Requirement: Pictures excluded, please retype exactly the lines from the start of the data through the line that contains "import ezdxf", both ends kept, and nothing beyond them.
-- Entries supplied follows --
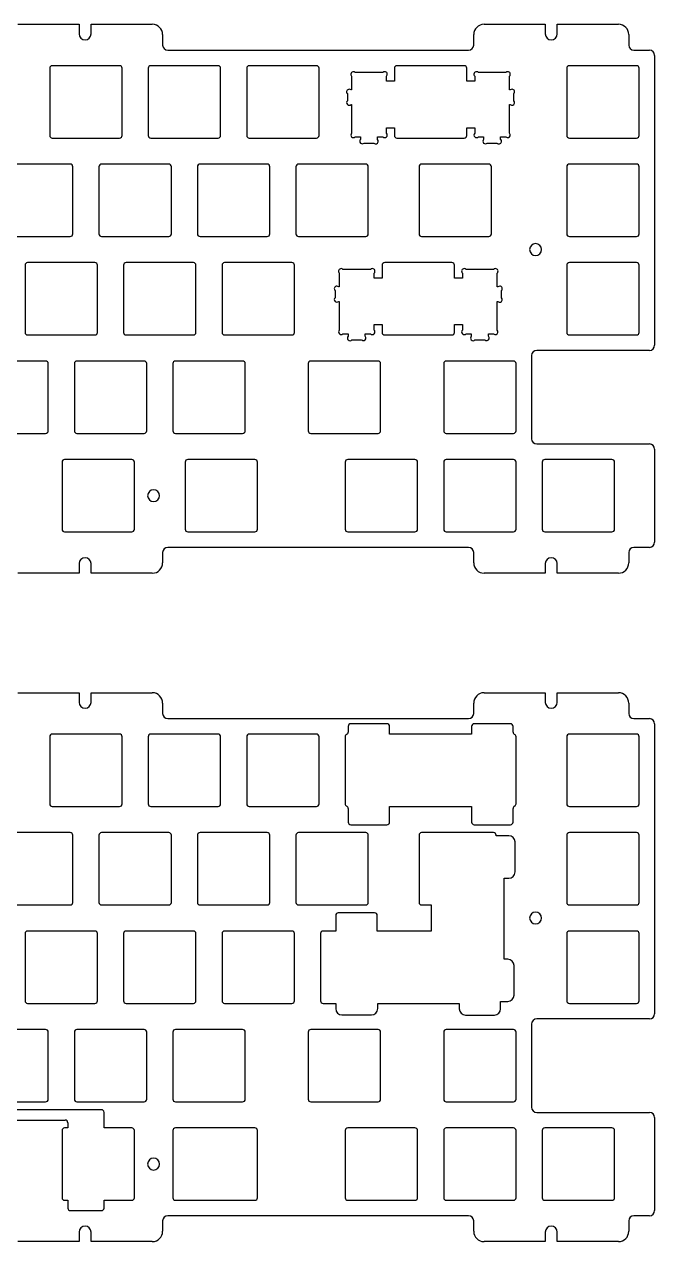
# Model space of a CAD drawing. Header units: millimetres. Extents: x 169 to 652, y 415 to 650.
# Drawn here: x 529.7 to 651.6, y 414.8 to 650.3 of the extents above; entities that cross this region are included whole.
import ezdxf

# ---------------------------------------------------------------- set-up
doc = ezdxf.new("R2010")
doc.units = ezdxf.units.MM

msp = doc.modelspace()

# ---------------------------------------------------------------- linework, layer by layer
at = {"color": 7, "linetype": 'Continuous', "lineweight": 25}
for p, q in [((528.45, 650.34), (540.3, 650.34)), ((540.3, 650.34), (540.3, 648.49)), ((542.6, 648.49), (542.6, 650.34)), ((542.6, 650.34), (554.45, 650.34)), ((618.62, 650.34), (630.47, 650.34)), ((630.47, 650.34), (630.47, 648.49)), ((632.77, 648.49), (632.77, 650.34)), ((632.77, 650.34), (644.62, 650.34)), ((556.45, 648.34), (556.45, 646.34)), ((616.62, 646.34), (616.62, 648.34)), ((646.62, 648.34), (646.62, 646.34)), ((557.45, 645.34), (615.62, 645.34)), ((647.62, 645.34), (650.62, 645.34)), ((651.62, 644.34), (651.62, 588.24)), ((534.61, 641.84), (534.61, 628.84)), ((548.11, 642.34), (535.11, 642.34)), ((548.61, 628.84), (548.61, 641.84)), ((553.66, 641.84), (553.66, 628.84)), ((567.16, 642.34), (554.16, 642.34)), ((567.66, 628.84), (567.66, 641.84)), ((572.71, 641.84), (572.71, 628.84)), ((586.21, 642.34), (573.21, 642.34)), ((586.71, 628.84), (586.71, 641.84)), ((599.05, 641.03), (593.71, 641.03)), ((601.28, 641.84), (601.28, 639.34)), ((614.78, 642.34), (601.78, 642.34)), ((615.28, 639.34), (615.28, 641.84)), ((622.85, 641.03), (617.51, 641.03)), ((634.62, 641.84), (634.62, 628.84)), ((648.12, 642.34), (635.12, 642.34)), ((648.62, 628.84), (648.62, 641.84)), ((593.01, 640.32), (593.01, 637.64)), ((599.76, 639.34), (599.76, 640.32)), ((601.28, 639.34), (599.76, 639.34)), ((616.81, 639.34), (615.28, 639.34)), ((616.81, 640.32), (616.81, 639.34)), ((623.56, 637.64), (623.56, 640.32)), ((592.18, 636.93), (592.18, 635.54)), ((593.01, 637.64), (592.89, 637.64)), ((623.67, 637.64), (623.56, 637.64)), ((624.38, 635.54), (624.38, 636.93)), ((592.89, 634.84), (593.01, 634.84)), ((593.01, 634.84), (593.01, 629.27)), ((623.56, 629.27), (623.56, 634.84)), ((623.56, 634.84), (623.67, 634.84)), ((599.76, 629.27), (599.76, 630.34)), ((599.76, 630.34), (601.28, 630.34)), ((601.28, 630.34), (601.28, 628.84)), ((615.28, 630.34), (616.81, 630.34)), ((615.28, 628.84), (615.28, 630.34)), ((616.81, 630.34), (616.81, 629.27)), ((535.11, 628.34), (548.11, 628.34)), ((554.16, 628.34), (567.16, 628.34)), ((573.21, 628.34), (586.21, 628.34)), ((593.71, 628.57), (594.73, 628.57)), ((594.73, 628.57), (594.73, 628.07)), ((595.44, 627.37), (597.32, 627.37)), ((598.03, 628.07), (598.03, 628.57)), ((598.03, 628.57), (599.05, 628.57)), ((601.78, 628.34), (614.78, 628.34)), ((617.51, 628.57), (618.53, 628.57)), ((618.53, 628.57), (618.53, 628.07)), ((619.24, 627.37), (621.12, 627.37)), ((621.83, 628.07), (621.83, 628.57)), ((621.83, 628.57), (622.85, 628.57)), ((635.12, 628.34), (648.12, 628.34)), ((538.58, 623.29), (525.58, 623.29)), ((539.08, 609.79), (539.08, 622.79)), ((544.13, 622.79), (544.13, 609.79)), ((557.63, 623.29), (544.63, 623.29)), ((558.13, 609.79), (558.13, 622.79)), ((563.18, 622.79), (563.18, 609.79)), ((576.68, 623.29), (563.68, 623.29)), ((577.18, 609.79), (577.18, 622.79)), ((582.23, 622.79), (582.23, 609.79)), ((595.73, 623.29), (582.73, 623.29)), ((596.23, 609.79), (596.23, 622.79)), ((606.04, 622.79), (606.04, 609.79)), ((619.54, 623.29), (606.54, 623.29)), ((620.04, 609.79), (620.04, 622.79)), ((634.62, 622.79), (634.62, 609.79)), ((648.12, 623.29), (635.12, 623.29)), ((648.62, 609.79), (648.62, 622.79)), ((525.58, 609.29), (538.58, 609.29)), ((544.63, 609.29), (557.63, 609.29)), ((563.68, 609.29), (576.68, 609.29)), ((582.73, 609.29), (595.73, 609.29)), ((606.54, 609.29), (619.54, 609.29)), ((635.12, 609.29), (648.12, 609.29)), ((529.84, 603.74), (529.84, 590.74)), ((543.34, 604.24), (530.34, 604.24)), ((543.84, 590.74), (543.84, 603.74)), ((548.89, 603.74), (548.89, 590.74)), ((562.39, 604.24), (549.39, 604.24)), ((562.89, 590.74), (562.89, 603.74)), ((567.94, 603.74), (567.94, 590.74)), ((581.44, 604.24), (568.44, 604.24)), ((581.94, 590.74), (581.94, 603.74)), ((598.9, 603.74), (598.9, 601.24)), ((612.4, 604.24), (599.4, 604.24)), ((612.9, 601.24), (612.9, 603.74)), ((634.62, 603.74), (634.62, 590.74)), ((648.12, 604.24), (635.12, 604.24)), ((648.62, 590.74), (648.62, 603.74)), ((590.62, 602.22), (590.62, 599.54)), ((596.67, 602.93), (591.33, 602.93)), ((597.37, 601.24), (597.37, 602.22)), ((598.9, 601.24), (597.37, 601.24)), ((614.42, 601.24), (612.9, 601.24)), ((614.42, 602.22), (614.42, 601.24)), ((620.47, 602.93), (615.13, 602.93)), ((621.17, 599.54), (621.17, 602.22)), ((589.8, 598.83), (589.8, 597.44)), ((590.62, 599.54), (590.51, 599.54)), ((621.29, 599.54), (621.17, 599.54)), ((622, 597.44), (622, 598.83)), ((590.51, 596.74), (590.62, 596.74)), ((590.62, 596.74), (590.62, 591.17)), ((621.17, 591.17), (621.17, 596.74)), ((621.17, 596.74), (621.29, 596.74)), ((597.37, 591.17), (597.37, 592.24)), ((597.37, 592.24), (598.9, 592.24)), ((598.9, 592.24), (598.9, 590.74)), ((612.9, 592.24), (614.42, 592.24)), ((612.9, 590.74), (612.9, 592.24)), ((614.42, 592.24), (614.42, 591.17)), ((530.34, 590.24), (543.34, 590.24)), ((549.39, 590.24), (562.39, 590.24)), ((568.44, 590.24), (581.44, 590.24)), ((591.33, 590.47), (592.35, 590.47)), ((592.35, 590.47), (592.35, 589.97)), ((593.06, 589.27), (594.94, 589.27)), ((595.65, 589.97), (595.65, 590.47)), ((595.65, 590.47), (596.67, 590.47)), ((599.4, 590.24), (612.4, 590.24)), ((615.13, 590.47), (616.15, 590.47)), ((616.15, 590.47), (616.15, 589.97)), ((616.86, 589.27), (618.74, 589.27)), ((619.45, 589.97), (619.45, 590.47)), ((619.45, 590.47), (620.47, 590.47)), ((635.12, 590.24), (648.12, 590.24)), ((650.62, 587.24), (628.81, 587.24)), ((533.82, 585.19), (520.82, 585.19)), ((534.32, 571.69), (534.32, 584.69)), ((539.37, 584.69), (539.37, 571.69)), ((552.87, 585.19), (539.87, 585.19)), ((553.37, 571.69), (553.37, 584.69)), ((558.42, 584.69), (558.42, 571.69)), ((571.92, 585.19), (558.92, 585.19)), ((572.42, 571.69), (572.42, 584.69)), ((584.61, 584.69), (584.61, 571.69)), ((598.11, 585.19), (585.11, 585.19)), ((598.61, 571.69), (598.61, 584.69)), ((610.81, 584.69), (610.81, 571.69)), ((624.31, 585.19), (611.31, 585.19)), ((624.81, 571.69), (624.81, 584.69)), ((627.81, 586.24), (627.81, 570.14)), ((520.82, 571.19), (533.82, 571.19)), ((539.87, 571.19), (552.87, 571.19)), ((558.92, 571.19), (571.92, 571.19)), ((585.11, 571.19), (598.11, 571.19)), ((611.31, 571.19), (624.31, 571.19)), ((628.81, 569.14), (650.62, 569.14)), ((651.62, 568.14), (651.62, 550.14)), ((536.99, 565.64), (536.99, 552.64)), ((550.49, 566.14), (537.49, 566.14)), ((550.99, 552.64), (550.99, 565.64)), ((560.8, 565.64), (560.8, 552.64)), ((574.3, 566.14), (561.3, 566.14)), ((574.8, 552.64), (574.8, 565.64)), ((591.76, 565.64), (591.76, 552.64)), ((605.26, 566.14), (592.26, 566.14)), ((605.76, 552.64), (605.76, 565.64)), ((610.81, 565.64), (610.81, 552.64)), ((624.31, 566.14), (611.31, 566.14)), ((624.81, 552.64), (624.81, 565.64)), ((629.86, 565.64), (629.86, 552.64)), ((643.36, 566.14), (630.36, 566.14)), ((643.86, 552.64), (643.86, 565.64)), ((537.49, 552.14), (550.49, 552.14)), ((561.3, 552.14), (574.3, 552.14)), ((592.26, 552.14), (605.26, 552.14)), ((611.31, 552.14), (624.31, 552.14)), ((630.36, 552.14), (643.36, 552.14)), ((615.62, 549.14), (557.45, 549.14)), ((650.62, 549.14), (647.62, 549.14)), ((556.45, 548.14), (556.45, 546.14)), ((616.62, 546.14), (616.62, 548.14)), ((646.62, 548.14), (646.62, 546.14)), ((540.3, 544.14), (528.45, 544.14)), ((540.3, 545.99), (540.3, 544.14)), ((542.6, 544.14), (542.6, 545.99)), ((554.45, 544.14), (542.6, 544.14)), ((630.47, 544.14), (618.62, 544.14)), ((630.47, 545.99), (630.47, 544.14)), ((632.77, 544.14), (632.77, 545.99)), ((644.62, 544.14), (632.77, 544.14))]:
    msp.add_line(p, q, dxfattribs=at)
at = {"color": 1, "linetype": 'Continuous', "lineweight": 25}
for p, q in [((528.45, 521), (540.3, 521)), ((540.3, 521), (540.3, 519.15)), ((542.6, 519.15), (542.6, 521)), ((542.6, 521), (554.45, 521)), ((618.62, 521), (630.47, 521)), ((630.47, 521), (630.47, 519.15)), ((632.77, 519.15), (632.77, 521)), ((632.77, 521), (644.62, 521)), ((556.45, 519), (556.45, 517)), ((616.62, 517), (616.62, 519)), ((646.62, 519), (646.62, 517)), ((557.45, 516), (615.62, 516)), ((647.62, 516), (650.62, 516)), ((592.34, 514.5), (592.34, 513.41)), ((599.84, 515), (592.84, 515)), ((600.34, 513), (600.34, 514.5)), ((616.22, 514.5), (616.22, 513)), ((623.72, 515), (616.72, 515)), ((624.22, 513.41), (624.22, 514.5)), ((651.62, 515), (651.62, 458.9)), ((534.61, 512.5), (534.61, 499.5)), ((548.11, 513), (535.11, 513)), ((548.61, 499.5), (548.61, 512.5)), ((553.66, 512.5), (553.66, 499.5)), ((567.16, 513), (554.16, 513)), ((567.66, 499.5), (567.66, 512.5)), ((572.71, 512.5), (572.71, 499.5)), ((586.21, 513), (573.21, 513)), ((586.71, 499.5), (586.71, 512.5)), ((591.76, 512.5), (591.76, 499.5)), ((616.22, 513), (600.34, 513)), ((624.81, 499.5), (624.81, 512.5)), ((634.62, 512.5), (634.62, 499.5)), ((648.12, 513), (635.12, 513)), ((648.62, 499.5), (648.62, 512.5)), ((535.11, 499), (548.11, 499)), ((554.16, 499), (567.16, 499)), ((573.21, 499), (586.21, 499)), ((592.34, 498.59), (592.34, 495.97)), ((600.34, 495.97), (600.34, 499)), ((600.34, 499), (616.22, 499)), ((616.22, 499), (616.22, 495.97)), ((624.22, 495.97), (624.22, 498.59)), ((635.12, 499), (648.12, 499)), ((592.84, 495.47), (599.84, 495.47)), ((616.72, 495.47), (623.72, 495.47)), ((538.58, 493.95), (525.58, 493.95)), ((539.08, 480.45), (539.08, 493.45)), ((544.13, 493.45), (544.13, 480.45)), ((557.63, 493.95), (544.63, 493.95)), ((558.13, 480.45), (558.13, 493.45)), ((563.18, 493.45), (563.18, 480.45)), ((576.68, 493.95), (563.68, 493.95)), ((577.18, 480.45), (577.18, 493.45)), ((582.23, 493.45), (582.23, 480.45)), ((595.73, 493.95), (582.73, 493.95)), ((596.23, 480.45), (596.23, 493.45)), ((606.04, 493.45), (606.04, 480.45)), ((620.47, 493.95), (606.54, 493.95)), ((620.97, 493.35), (620.97, 493.45)), ((623.41, 493.35), (620.97, 493.35)), ((634.62, 493.45), (634.62, 480.45)), ((648.12, 493.95), (635.12, 493.95)), ((648.62, 480.45), (648.62, 493.45)), ((624.61, 486.33), (624.61, 492.15)), ((622.5, 469.44), (622.5, 485.13)), ((622.5, 485.13), (623.41, 485.13)), ((525.58, 479.95), (538.58, 479.95)), ((544.63, 479.95), (557.63, 479.95)), ((563.68, 479.95), (576.68, 479.95)), ((582.73, 479.95), (595.73, 479.95)), ((597.46, 478.42), (590.43, 478.42)), ((606.54, 479.95), (608.37, 479.95)), ((608.37, 479.95), (608.37, 474.9)), ((635.12, 479.95), (648.12, 479.95)), ((589.93, 477.92), (589.93, 474.9)), ((597.96, 474.9), (597.96, 477.92)), ((529.84, 474.4), (529.84, 461.4)), ((543.34, 474.9), (530.34, 474.9)), ((543.84, 461.4), (543.84, 474.4)), ((548.89, 474.4), (548.89, 461.4)), ((562.39, 474.9), (549.39, 474.9)), ((562.89, 461.4), (562.89, 474.4)), ((567.94, 474.4), (567.94, 461.4)), ((581.44, 474.9), (568.44, 474.9)), ((581.94, 461.4), (581.94, 474.4)), ((586.99, 474.4), (586.99, 461.4)), ((589.93, 474.9), (587.49, 474.9)), ((608.37, 474.9), (597.96, 474.9)), ((634.62, 474.4), (634.62, 461.4)), ((648.12, 474.9), (635.12, 474.9)), ((648.62, 461.4), (648.62, 474.4)), ((623.22, 469.44), (622.5, 469.44)), ((624.42, 462.48), (624.42, 468.24)), ((530.34, 460.9), (543.34, 460.9)), ((549.39, 460.9), (562.39, 460.9)), ((568.44, 460.9), (581.44, 460.9)), ((587.49, 460.9), (589.93, 460.9)), ((589.93, 460.9), (589.93, 459.88)), ((598.05, 459.88), (598.05, 460.9)), ((598.05, 460.9), (613.83, 460.9)), ((613.83, 460.9), (613.83, 459.85)), ((621.83, 459.85), (621.83, 461.28)), ((621.83, 461.28), (623.22, 461.28)), ((635.12, 460.9), (648.12, 460.9)), ((591.13, 458.68), (596.85, 458.68)), ((615.03, 458.65), (620.63, 458.65)), ((650.62, 457.9), (628.81, 457.9)), ((533.82, 455.85), (520.82, 455.85)), ((534.32, 442.35), (534.32, 455.35)), ((539.37, 455.35), (539.37, 442.35)), ((552.87, 455.85), (539.87, 455.85)), ((553.37, 442.35), (553.37, 455.35)), ((558.42, 455.35), (558.42, 442.35)), ((571.92, 455.85), (558.92, 455.85)), ((572.42, 442.35), (572.42, 455.35)), ((584.61, 455.35), (584.61, 442.35)), ((598.11, 455.85), (585.11, 455.85)), ((598.61, 442.35), (598.61, 455.35)), ((610.81, 455.35), (610.81, 442.35)), ((624.31, 455.85), (611.31, 455.85)), ((624.81, 442.35), (624.81, 455.35)), ((627.81, 456.9), (627.81, 440.8)), ((520.82, 441.85), (533.82, 441.85)), ((539.87, 441.85), (552.87, 441.85)), ((558.92, 441.85), (571.92, 441.85)), ((585.11, 441.85), (598.11, 441.85)), ((611.31, 441.85), (624.31, 441.85)), ((544.61, 440.32), (419.05, 440.32)), ((527.05, 438.32), (537.61, 438.32)), ((545.11, 436.8), (545.11, 439.82)), ((628.81, 439.8), (650.62, 439.8)), ((651.62, 438.8), (651.62, 420.8)), ((536.99, 436.3), (536.99, 423.3)), ((538.11, 436.8), (537.49, 436.8)), ((538.11, 437.82), (538.11, 436.8)), ((550.49, 436.8), (545.11, 436.8)), ((550.99, 423.3), (550.99, 436.3)), ((558.42, 436.3), (558.42, 423.3)), ((574.3, 436.8), (558.92, 436.8)), ((574.8, 423.3), (574.8, 436.3)), ((591.76, 436.3), (591.76, 423.3)), ((605.26, 436.8), (592.26, 436.8)), ((605.76, 423.3), (605.76, 436.3)), ((610.81, 436.3), (610.81, 423.3)), ((624.31, 436.8), (611.31, 436.8)), ((624.81, 423.3), (624.81, 436.3)), ((629.86, 436.3), (629.86, 423.3)), ((643.36, 436.8), (630.36, 436.8)), ((643.86, 423.3), (643.86, 436.3)), ((537.49, 422.8), (538.11, 422.8)), ((538.11, 422.8), (538.11, 421.3)), ((545.11, 421.3), (545.11, 422.8)), ((545.11, 422.8), (550.49, 422.8)), ((558.92, 422.8), (574.3, 422.8)), ((592.26, 422.8), (605.26, 422.8)), ((611.31, 422.8), (624.31, 422.8)), ((630.36, 422.8), (643.36, 422.8)), ((538.61, 420.8), (544.61, 420.8)), ((615.62, 419.8), (557.45, 419.8)), ((650.62, 419.8), (647.62, 419.8)), ((556.45, 418.8), (556.45, 416.8)), ((616.62, 416.8), (616.62, 418.8)), ((646.62, 418.8), (646.62, 416.8)), ((540.3, 414.8), (528.45, 414.8)), ((540.3, 416.65), (540.3, 414.8)), ((542.6, 414.8), (542.6, 416.65)), ((554.45, 414.8), (542.6, 414.8)), ((630.47, 414.8), (618.62, 414.8)), ((630.47, 416.65), (630.47, 414.8)), ((632.77, 414.8), (632.77, 416.65)), ((644.62, 414.8), (632.77, 414.8))]:
    msp.add_line(p, q, dxfattribs=at)
at = {"color": 7, "linetype": 'Continuous', "lineweight": 25}
for centre, radius, start, end in [((554.45, 648.34), 2, 0, 90), ((618.62, 648.34), 2, 90, 180), ((644.62, 648.34), 2, 0, 90), ((541.45, 648.49), 1.15, 180, 0), ((631.62, 648.49), 1.15, 180, 0), ((557.45, 646.34), 1, 180, 270), ((615.62, 646.34), 1, 270, 0), ((647.62, 646.34), 1, 180, 270), ((650.62, 644.34), 1, 0, 90), ((535.11, 641.84), 0.5, 90, 180), ((548.11, 641.84), 0.5, 0, 90), ((554.16, 641.84), 0.5, 90, 180), ((567.16, 641.84), 0.5, 0, 90), ((573.21, 641.84), 0.5, 90, 180), ((586.21, 641.84), 0.5, 0, 90), ((593.36, 640.67), 0.5, 90, 225), ((593.36, 640.67), 0.5, 45, 90), ((599.4, 640.67), 0.5, 90, 135), ((599.4, 640.67), 0.5, 315, 90), ((601.78, 641.84), 0.5, 90, 180), ((614.78, 641.84), 0.5, 0, 90), ((617.16, 640.67), 0.5, 90, 225), ((617.16, 640.67), 0.5, 45, 90), ((623.2, 640.67), 0.5, 90, 135), ((623.2, 640.67), 0.5, 314.9838, 90), ((635.12, 641.84), 0.5, 90, 180), ((648.12, 641.84), 0.5, 0, 90), ((592.53, 637.28), 0.5, 90, 225), ((592.53, 637.28), 0.5, 45, 90), ((624.03, 637.28), 0.5, 90, 135), ((624.03, 637.28), 0.5, 314.9887, 90), ((592.53, 635.19), 0.5, 135, 315), ((624.03, 635.19), 0.5, 225, 45.0113), ((593.36, 628.92), 0.5, 135, 315), ((599.4, 628.92), 0.5, 225, 45), ((617.16, 628.92), 0.5, 135, 315), ((623.2, 628.92), 0.5, 225, 45.0162), ((535.11, 628.84), 0.5, 180, 270), ((548.11, 628.84), 0.5, 270, 0), ((554.16, 628.84), 0.5, 180, 270), ((567.16, 628.84), 0.5, 270, 0), ((573.21, 628.84), 0.5, 180, 270), ((586.21, 628.84), 0.5, 270, 0), ((595.08, 627.72), 0.5, 135, 315), ((597.68, 627.72), 0.5, 225, 45.0162), ((601.78, 628.84), 0.5, 180, 270), ((614.78, 628.84), 0.5, 270, 0), ((618.88, 627.72), 0.5, 135, 315), ((621.48, 627.72), 0.5, 225, 45.0162), ((635.12, 628.84), 0.5, 180, 270), ((648.12, 628.84), 0.5, 270, 0), ((538.58, 622.79), 0.5, 0, 90), ((544.63, 622.79), 0.5, 90, 180), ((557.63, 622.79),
-- Entries supplied concluded --
Task solution:
# Model space of a CAD drawing. Header units: millimetres. Extents: x 169 to 652, y 415 to 650.
# Drawn here: x 529.7 to 651.6, y 414.8 to 650.3 of the extents above; entities that cross this region are included whole.
import ezdxf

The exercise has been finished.